Amália costumava contar a história de como os musicais de Fred Astaire lhe salvaram literalmente a vida, quando foi para Nova Iorque depois de lhe diagnosticarem um tumor. Hospedou-se num hotel e, em jeito de despedida, pediu na receção um equipamento de vídeo e cassetes de filmes com o dançarino e cantor, que lhe terão devolvido a vontade de viver. A história é narrada pela própria no documentário ‘Estranha Forma de Vida’, de Bruno de Almeida. “Estava convencida de que ia morrer, ou de que me ia matar – é a mesma coisa, o mesmo resultado. Ajudou-me muito, aquele homem. Às vezes dizem-me ‘a Amália tem-me ajudado muito, quando estou triste ou doente, quando a ouço cantar’. E eu não percebia aquilo. Só percebo agora, depois da minha experiência com as cassetes do Fred Astaire.” Não é Beethoven, Bob Dylan, John Lennon ou Bach, mas a alegria da música que Astaire cantava e dançava fez a diferença num momento decisivo.

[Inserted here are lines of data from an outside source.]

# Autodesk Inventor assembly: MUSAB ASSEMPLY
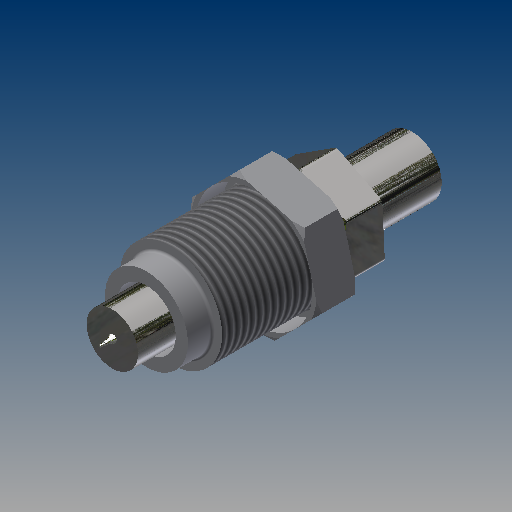
[picture p0: Inventor's stored thumbnail of the model, 512x512]
Saved by Autodesk Inventor 2021 (Build 250183000, 183)
## iProperties
Created: 2017-09-15
Part Number: MUSAB ASSEMPLY
Document SubType Name: Assembly
Designer: Amer Mohia
Author: Amer Mohia
## Documents named in this file (8)
- C:\Users\Angelos\Documents\ΔεΝ_τΕλΕιΩνΟυΜε_ΠοΤε\MUSAB ASSEMPLY.iam
- C:\Users\Angelos\Documents\ΔεΝ_τΕλΕιΩνΟυΜε_ΠοΤε\MUSAB1.ipt
- C:\Users\Angelos\Documents\ΔεΝ_τΕλΕιΩνΟυΜε_ΠοΤε\Musab7.ipt
- C:\Users\Angelos\Documents\ΔεΝ_τΕλΕιΩνΟυΜε_ΠοΤε\MUSAB5.ipt
- C:\Users\Angelos\Documents\ΔεΝ_τΕλΕιΩνΟυΜε_ΠοΤε\MUSAB6.ipt
- C:\Users\Angelos\Documents\ΔεΝ_τΕλΕιΩνΟυΜε_ΠοΤε\Musab4.ipt
- C:\Users\Angelos\Documents\ΔεΝ_τΕλΕιΩνΟυΜε_ΠοΤε\Part4.ipt
- C:\Users\Angelos\Documents\ΔεΝ_τΕλΕιΩνΟυΜε_ΠοΤε\MUSAB2.ipt
## Components (7 placed, 7 different names)
1. MUSAB1:1 — Mate:1, Mate:2, Mate:5, Mate:6, Mate:11, Mate:17, Mate:18
2. Musab7:1 — Mate:1, Mate:2
3. MUSAB5:1 — Mate:5, Mate:7, Mate:16, Mate:17, Mate:18
4. MUSAB6:1 — Mate:6, Mate:9, Mate:10, Mate:15, Mate:16
5. Musab4:1 — Mate:8, Mate:9, Mate:10, Mate:14, Insert:1
6. Part4:1 — Mate:7, Mate:8, Insert:1
7. MUSAB2:1 — Mate:11, Mate:14, Mate:15
## Relationships (15: Mate 14, Insert 1)
- Mate:1: MUSAB1:1 ↔ Musab7:1
- Mate:2: MUSAB1:1 ↔ Musab7:1
- Mate:5: MUSAB1:1 ↔ MUSAB5:1
- Mate:6: MUSAB1:1 ↔ MUSAB6:1
- Mate:7: MUSAB5:1 ↔ Part4:1
- Mate:8: Musab4:1 ↔ Part4:1
- Mate:9: MUSAB6:1 ↔ Musab4:1
- Mate:10: MUSAB6:1 ↔ Musab4:1
- Mate:11: MUSAB1:1 ↔ MUSAB2:1
- Mate:14: Musab4:1 ↔ MUSAB2:1
- Mate:15: MUSAB6:1 ↔ MUSAB2:1
- Mate:16: MUSAB5:1 ↔ MUSAB6:1
- Mate:17: MUSAB1:1 ↔ MUSAB5:1
- Mate:18: MUSAB1:1 ↔ MUSAB5:1
- Insert:1 (0.3 mm): Musab4:1 ↔ Part4:1
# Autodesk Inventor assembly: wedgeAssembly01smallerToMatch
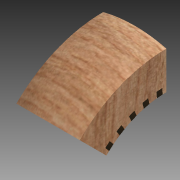
[picture p0: Inventor's stored thumbnail of the model, 180x180]
Saved by Autodesk Inventor 2013 (Build 170138000, 138)
## iProperties
Created: 2013-01-21
Part Number: wedgeAssembly01smallerToMatch
Document SubType Name: Assembly
Designer: Nano
Author: Nano
## Documents named in this file (5)
- C:\Users\Nano\Documents\InventorByron\InventorMasterProject\gyroPhone01\wedgeAssembly01smallerToMatch.iam
- C:\Users\Nano\Documents\InventorByron\InventorMasterProject\gyroPhone01\bigWheelWedge01.ipt
- C:\Users\Nano\Documents\InventorByron\InventorMasterProject\gyroPhone01\magnet1_4x1_4x1_2.ipt
- C:\Users\Nano\Documents\InventorByron\InventorMasterProject\gyroPhone01\magSlotPlugs02.ipt
- C:\Users\Nano\Documents\InventorByron\InventorMasterProject\gyroPhone01\magSlotPlugs03.ipt
## Components (16 placed, 4 different names)
1. bigWheelWedge01:1 — Mate:1, Mate:2, Flush:1, Mate:3, Mate:4, Flush:2, Mate:5, Mate:6, Flush:3
2. magnet1_4x1_4x1_2:1 — Mate:1, Mate:2, Flush:1
3. magnet1_4x1_4x1_2:2
4. magnet1_4x1_4x1_2:3
5. magnet1_4x1_4x1_2:4
6. magnet1_4x1_4x1_2:5
7. magSlotPlugs02:1 — Mate:3, Mate:4, Flush:2
8. magSlotPlugs02:2
9. magSlotPlugs02:3
10. magSlotPlugs02:4
11. magSlotPlugs02:5
12. magSlotPlugs03:1 — Mate:5, Mate:6, Flush:3
13. magSlotPlugs03:2
14. magSlotPlugs03:3
15. magSlotPlugs03:4
16. magSlotPlugs03:5
## Component patterns: (5 elements, first: magnet1_4x1_4x1_2:1), (5 elements, first: magSlotPlugs02:1), (5 elements, first: magSlotPlugs03:1)
## Relationships (9: Mate 6, Flush 3)
- Mate:1: bigWheelWedge01:1 ↔ magnet1_4x1_4x1_2:1
- Mate:2: bigWheelWedge01:1 ↔ magnet1_4x1_4x1_2:1
- Flush:1 (31.75 mm): bigWheelWedge01:1 ↔ magnet1_4x1_4x1_2:1
- Mate:3: bigWheelWedge01:1 ↔ magSlotPlugs02:1
- Mate:4: bigWheelWedge01:1 ↔ magSlotPlugs02:1
- Flush:2: bigWheelWedge01:1 ↔ magSlotPlugs02:1
- Mate:5: bigWheelWedge01:1 ↔ magSlotPlugs03:1
- Mate:6: bigWheelWedge01:1 ↔ magSlotPlugs03:1
- Flush:3: bigWheelWedge01:1 ↔ magSlotPlugs03:1

Robbie Williams e epifanias

Abílio Oliveira, doutorado em Psicologia Social e professor auxiliar do
ISCTE, trabalhou com Daniel Sampaio no Núcleo de Estudos sobre o Suicídio e conhece de perto casos de quem diz ter sido salvo no momento certo pela canção certa. Um dos seus artigos académicos, ‘O Som e os Outros na Vida e na Morte’, fala justamente sobre a importância da música entre os jovens. “É muito comum. Lembro-me de vários casos, um deles de uma miúda de uns 15 ou 16 anos que estava a pensar num gesto suicida que interrompeu porque pensou no ‘Real Love’ do Robbie Williams, em que ele canta: ‘I just want to feel real love’ (só quero sentir amor verdadeiro).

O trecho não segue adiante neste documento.